Mutual TLS (mTLS) between services — both sides verify each other's certificates, so only authorized services can communicate (unlike regular TLS where only the client verifies the server)
Automatic retries with exponential backoff
Circuit breaking
Distributed tracing and metrics collection
Traffic shaping (canary deployments, A/B routing)

Service Mesh

A service mesh deploys a sidecar proxy (typically Envoy) next to every service.
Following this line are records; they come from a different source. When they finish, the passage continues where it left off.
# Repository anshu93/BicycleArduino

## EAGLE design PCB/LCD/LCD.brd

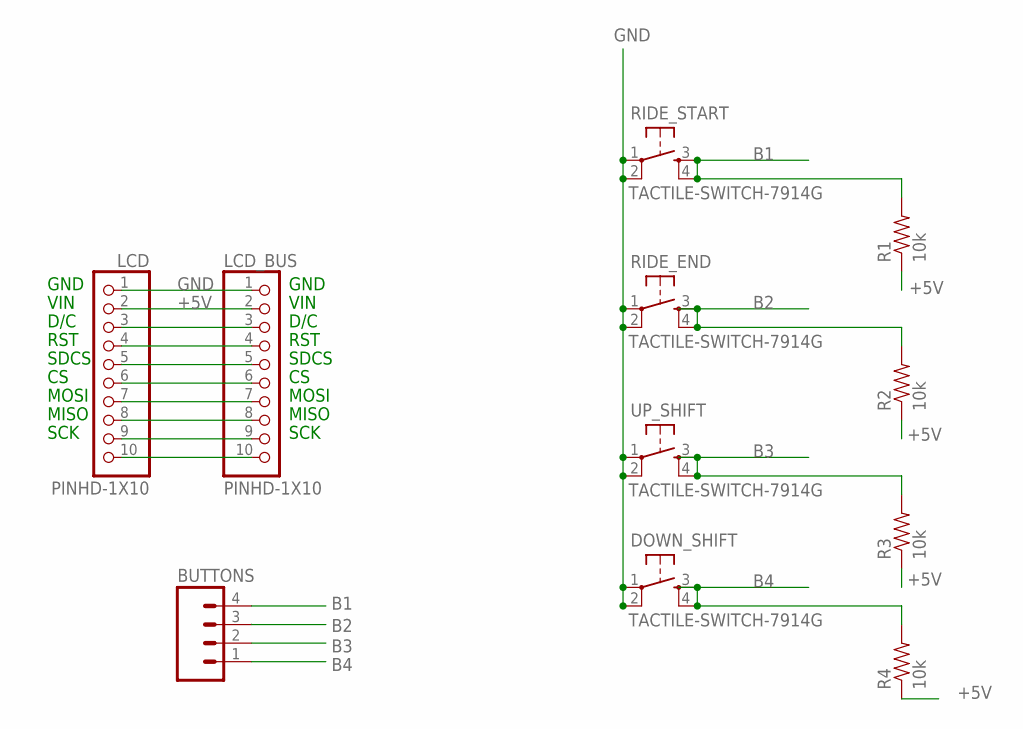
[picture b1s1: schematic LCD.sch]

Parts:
BUTTONS: M04LONGPADS; 1X04_LONGPADS
DOWN_SHIFT: TACTILE-SWITCH-7914G; 7914G
LCD: PINHD-1X10; 1X10-BIG
LCD_BUS: PINHD-1X10; 1X10-BIG
R1, R2, R3, R4: 10k; 0805
RIDE_END: TACTILE-SWITCH-7914G; 7914G
RIDE_START: TACTILE-SWITCH-7914G; 7914G
UP_SHIFT: TACTILE-SWITCH-7914G; 7914G

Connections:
+5V: LCD.2, LCD_BUS.2, R1.1, R2.1, R3.1, R4.1
B1: BUTTONS.4, R1.2, RIDE_START.3, RIDE_START.4
B2: BUTTONS.3, R2.2, RIDE_END.3, RIDE_END.4
B3: BUTTONS.2, R3.2, UP_SHIFT.3, UP_SHIFT.4
B4: BUTTONS.1, DOWN_SHIFT.3, DOWN_SHIFT.4, R4.2
GND: DOWN_SHIFT.1, DOWN_SHIFT.2, LCD.1, LCD_BUS.1, RIDE_END.1, RIDE_END.2, RIDE_START.1, RIDE_START.2, UP_SHIFT.1, UP_SHIFT.2
unnamed: LCD.3, LCD_BUS.3
unnamed: LCD.4, LCD_BUS.4
unnamed: LCD.5, LCD_BUS.5
unnamed: LCD.6, LCD_BUS.6
unnamed: LCD.7, LCD_BUS.7
unnamed: LCD.8, LCD_BUS.8
unnamed: LCD.9, LCD_BUS.9
unnamed: LCD.10, LCD_BUS.10

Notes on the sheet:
GND
VIN
RST
SDCS
MOSI
MISO
SCK
D/C

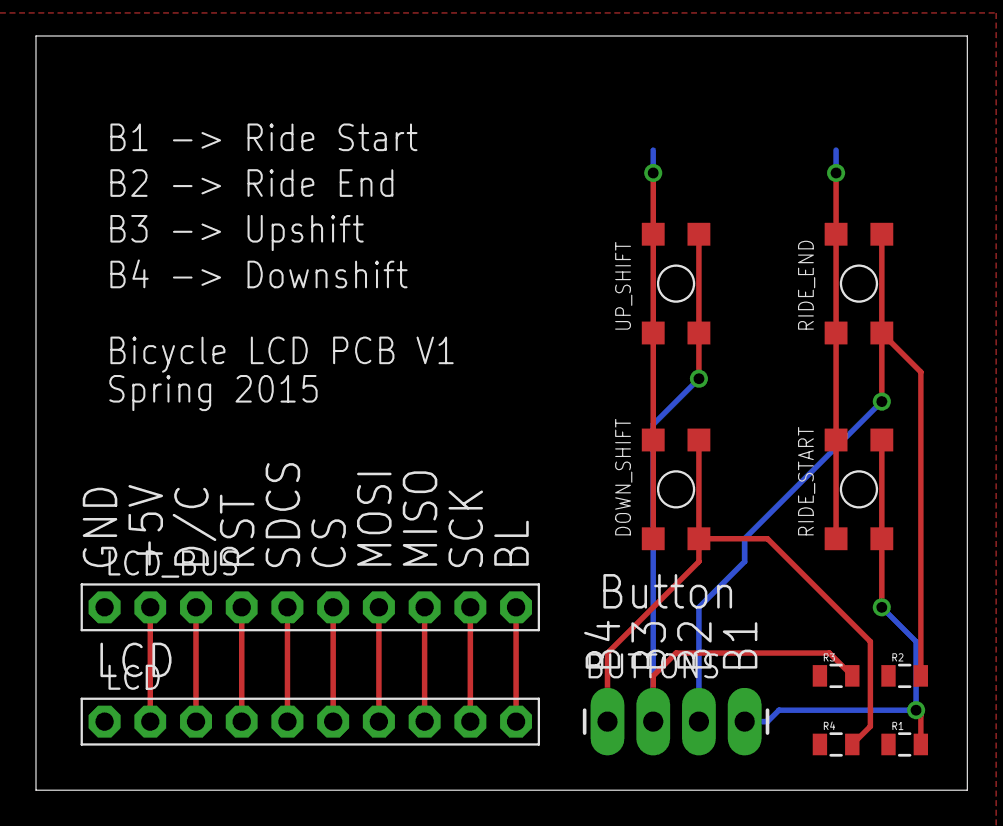
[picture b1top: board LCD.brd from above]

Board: 2 copper layers, 51.7 x 41.9 mm, 11 parts (0 on the bottom side), 14 nets.

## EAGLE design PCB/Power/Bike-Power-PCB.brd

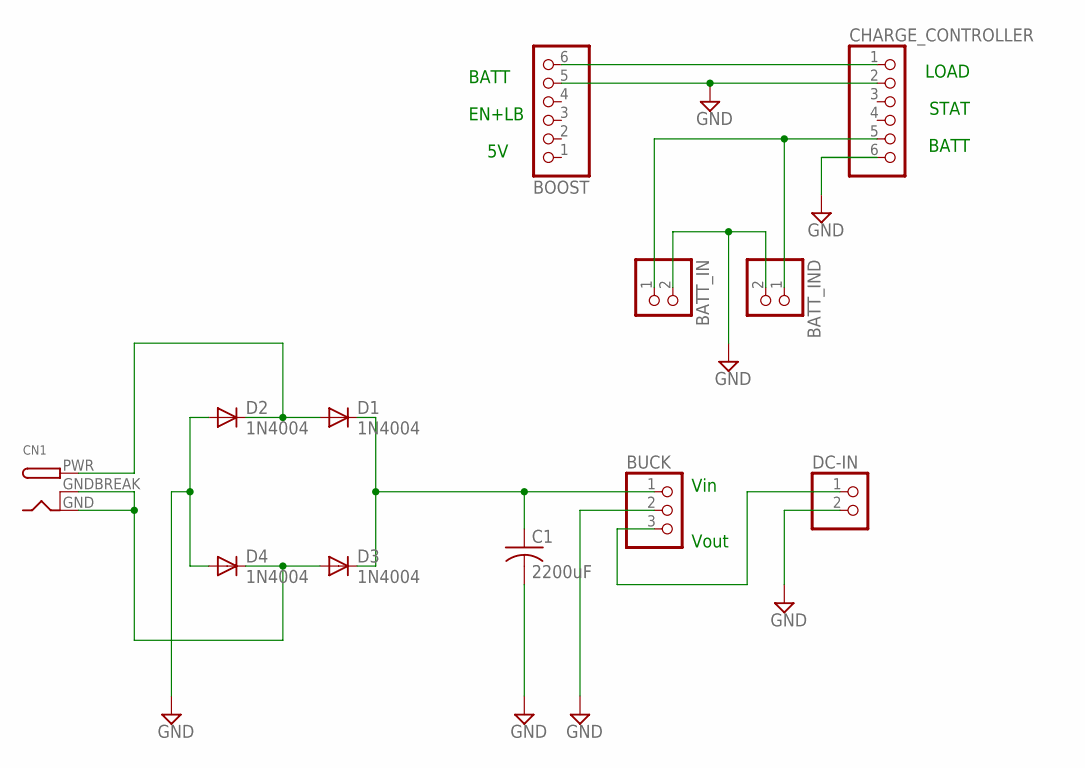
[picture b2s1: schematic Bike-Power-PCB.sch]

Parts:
BATT_IN: JST_2PIN-SMT-RA; JST-PH-2-SMT-RA
BATT_IND: PINHD-1X2; 1X02
BOOST: PINHD-1X6; 1X06
BUCK: PINHD-1X3; 1X03
C1: 2200uF; C0805
CHARGE_CONTROLLER: PINHD-1X6; 1X06
CN1: DCBARRELPTH; DCJACK_2MM_PTH
D1, D2, D3, D4: 1N4004; DO41-10
DC-IN: PINHD-1X2; 1X02

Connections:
GND: BATT_IN.2 (1), BATT_IND.2, BOOST.5, BUCK.2, C1.2, CHARGE_CONTROLLER.2, CHARGE_CONTROLLER.6, D2.A, D4.A, DC-IN.2
unnamed: BUCK.1, C1.1, D1.C, D3.C
unnamed: CN1.GND, CN1.GNDBREAK, D3.A, D4.C
unnamed: CN1.PWR, D1.A, D2.C
unnamed: BUCK.3, DC-IN.1
unnamed: BATT_IN.1 (2), BATT_IND.1, CHARGE_CONTROLLER.5
unnamed: BOOST.6, CHARGE_CONTROLLER.1

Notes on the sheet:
LOAD
STAT
BATT
EN+LB
Vin
Vout

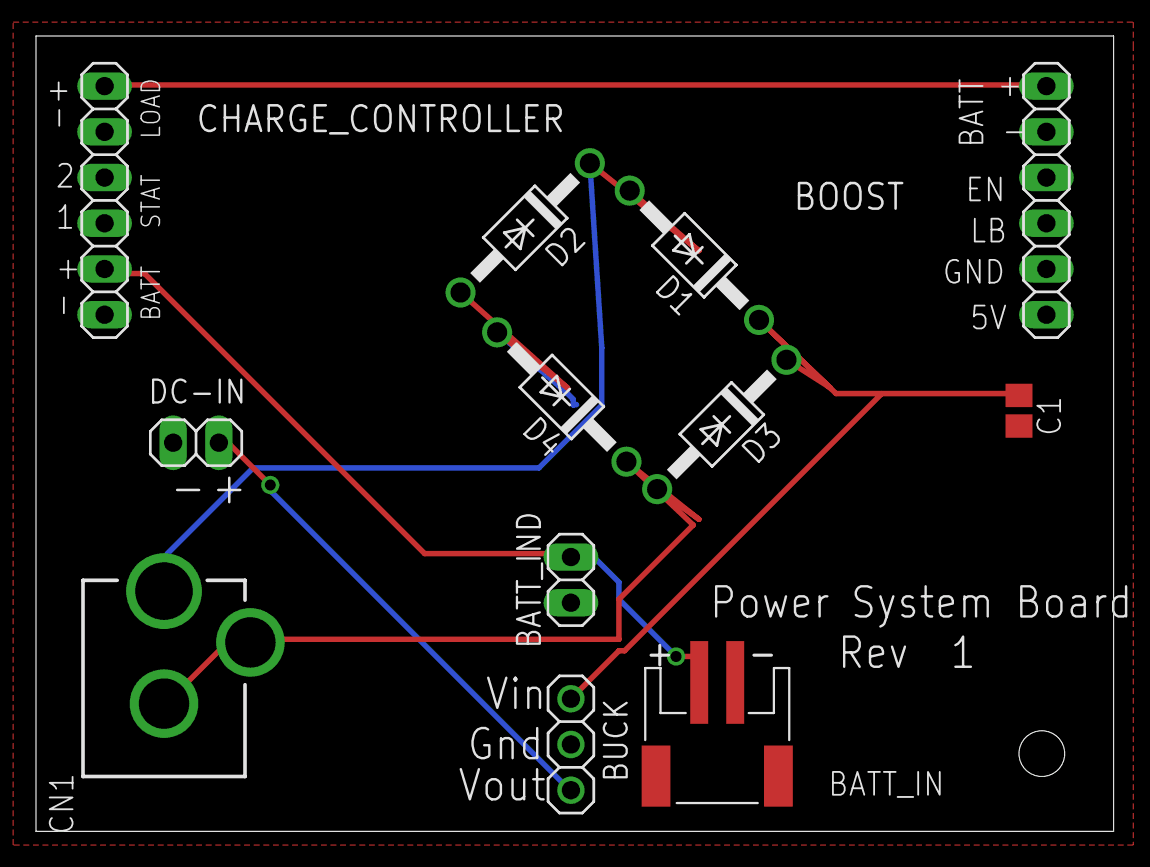
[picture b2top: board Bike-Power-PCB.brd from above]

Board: 2 copper layers, 59.9 x 44.2 mm, 12 parts (0 on the bottom side), 7 nets.

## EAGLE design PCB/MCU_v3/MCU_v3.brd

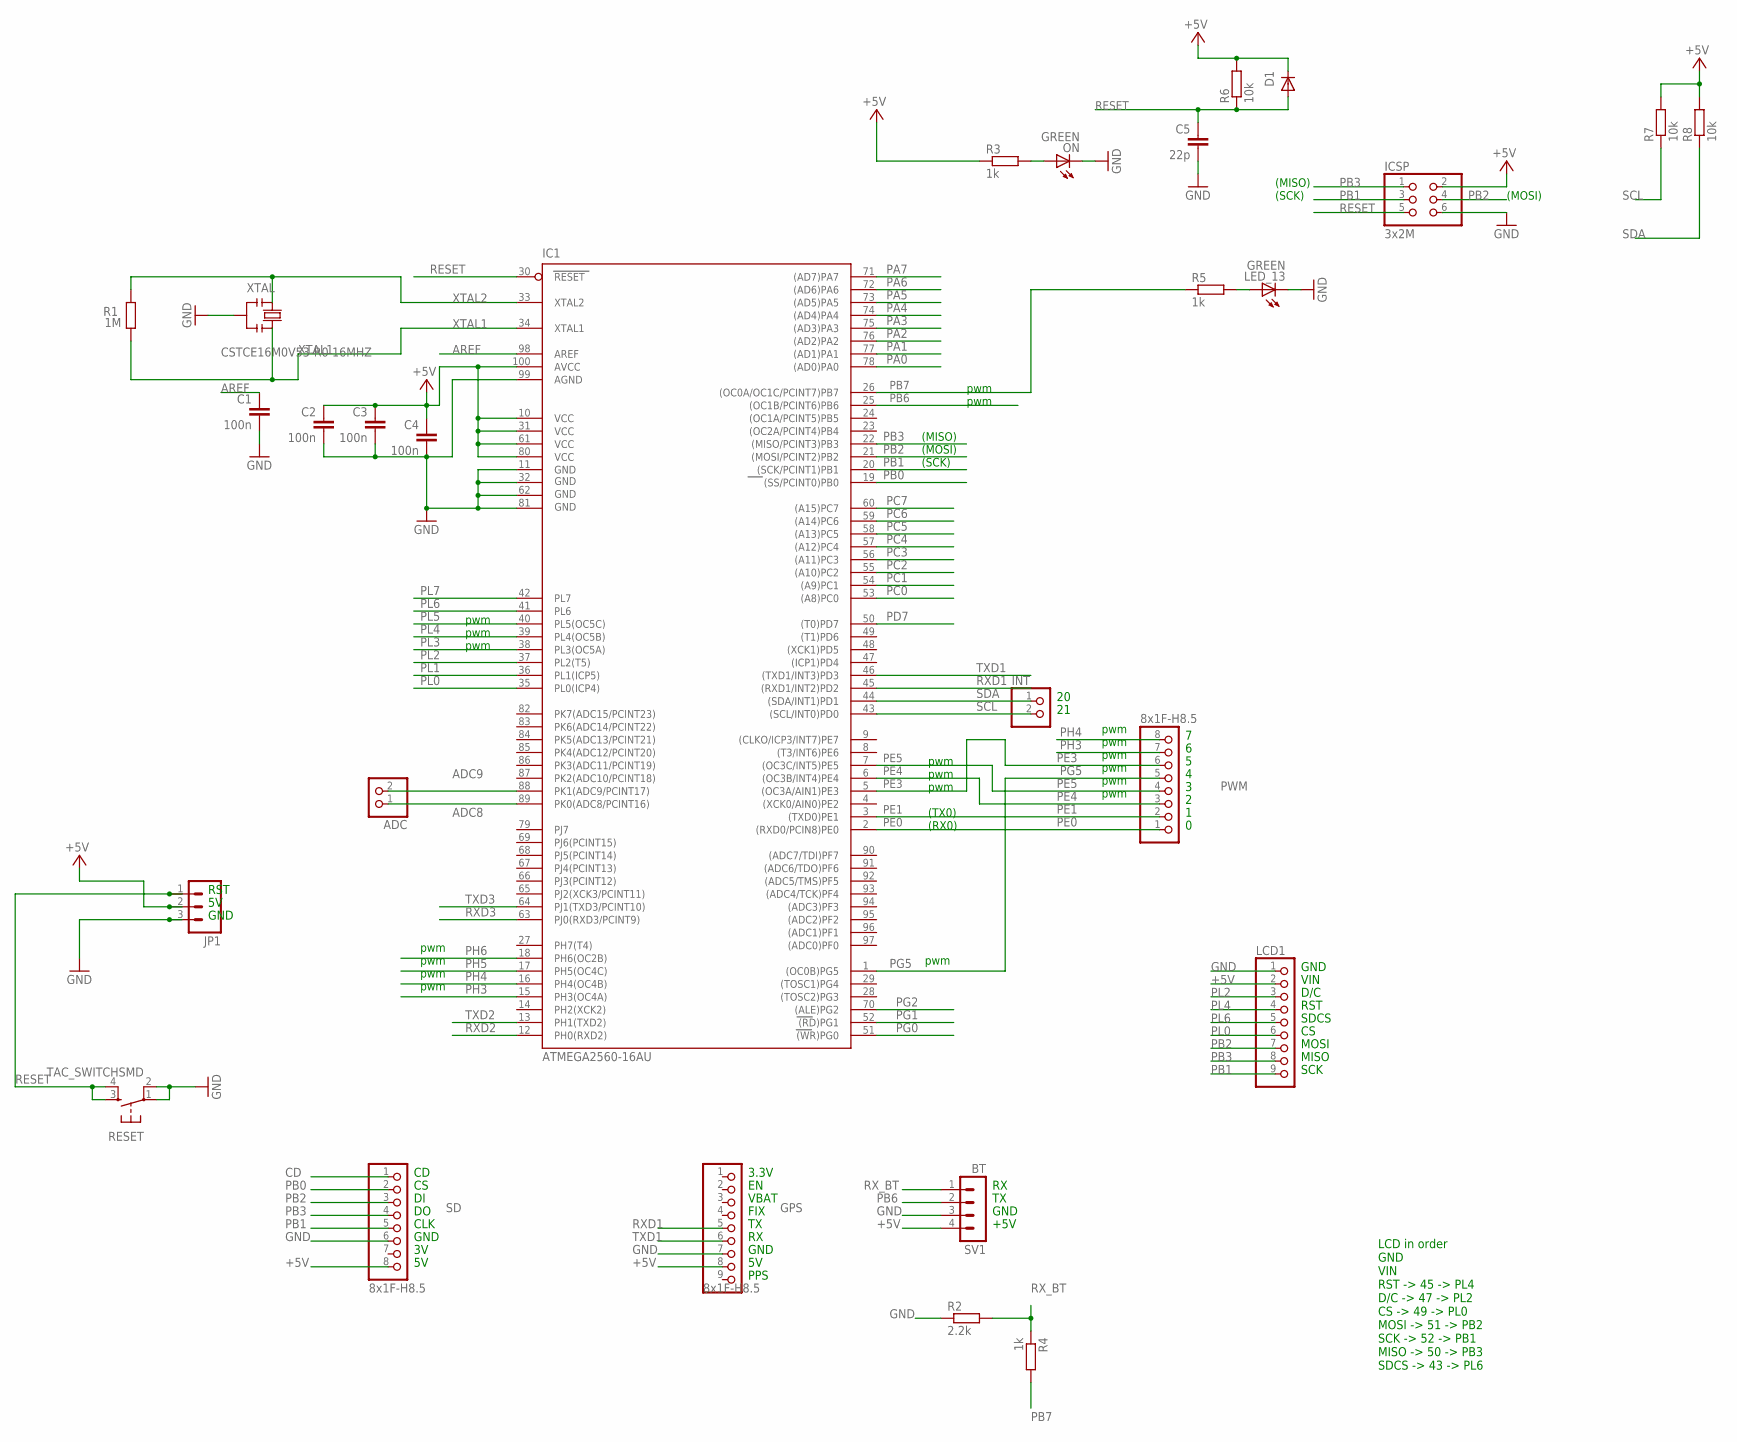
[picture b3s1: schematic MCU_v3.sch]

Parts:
ADC: PINHD-1X2; 1X02; MPN A21-X0-22-507-115-E
C1, C2, C3, C4: 100n; C0805
C5: 22p; C0805
D1: DIODE-MINIMELF; MINIMELF
GPS: 8x1F-H8.5; 1X09
IC1: ATMEGA2560-16AU; TQFP100
ICSP: 3x2M; 2X03
INT: PINHD-1X2; 1X02; MPN A21-X0-22-507-115-E
JP1: M03PTH; 1X03; MPN BI2-Q10S-AZ31X-0.3M-SB3T
LCD1: PINHD-1X9; 1X09
LED_13: GREEN; CHIP-LED0805
ON: GREEN; CHIP-LED0805
PWM: 8x1F-H8.5; 1X08
R1: 1M; R0805
R2: 2.2k; R0805
R3, R4, R5: 1k; R0805
R6, R7, R8: 10k; R0805
RESET: TAC_SWITCHSMD; TACTILE-SWITCH-SMD
SD: 8x1F-H8.5; 1X08
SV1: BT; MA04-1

A control plane (Istio, Linkerd) configures all the sidecars centrally.

What the mesh handles:

mTLS everywhere — zero-trust networking without app changes
Traffic routing — shift 5% of traffic to a new version
Circuit breaking — stop calling a failing service
Observability — automatic request tracing, latency histograms, error rates

When You Need It

Large microservice deployments (50+ services)
Implementing retries, TLS, and observability in each service individually is impractical
You need consistent security policies across all services

When You Don't

Small teams with fewer than 10 services — the operational overhead isn't worth it
Monolith or modular monolith — no inter-service network calls to manage
Team lacks Kubernetes expertise — a mesh adds significant complexity

Key Takeaways

Reverse proxies are non-negotiable in production — they handle SSL, caching, rate limiting, and load balancing outside your application code.
Use sync communication (REST/gRPC) when the caller needs an immediate response; use async (queues/streams) when work can be deferred or multiple consumers need the same event.
Service discovery solves the problem of finding healthy instances in dynamic environments — server-side discovery (load balancer) is the simplest starting point.
gRPC outperforms REST for internal service-to-service calls due to binary encoding, HTTP/2 multiplexing, and strong typing.
A service mesh is powerful but expensive in complexity — adopt it when you have enough services that implementing cross-cutting concerns individually becomes unsustainable.
Start simple: reverse proxy → direct HTTP calls → add a message queue for async work → adopt service discovery as you scale → consider a mesh only when the pain justifies it.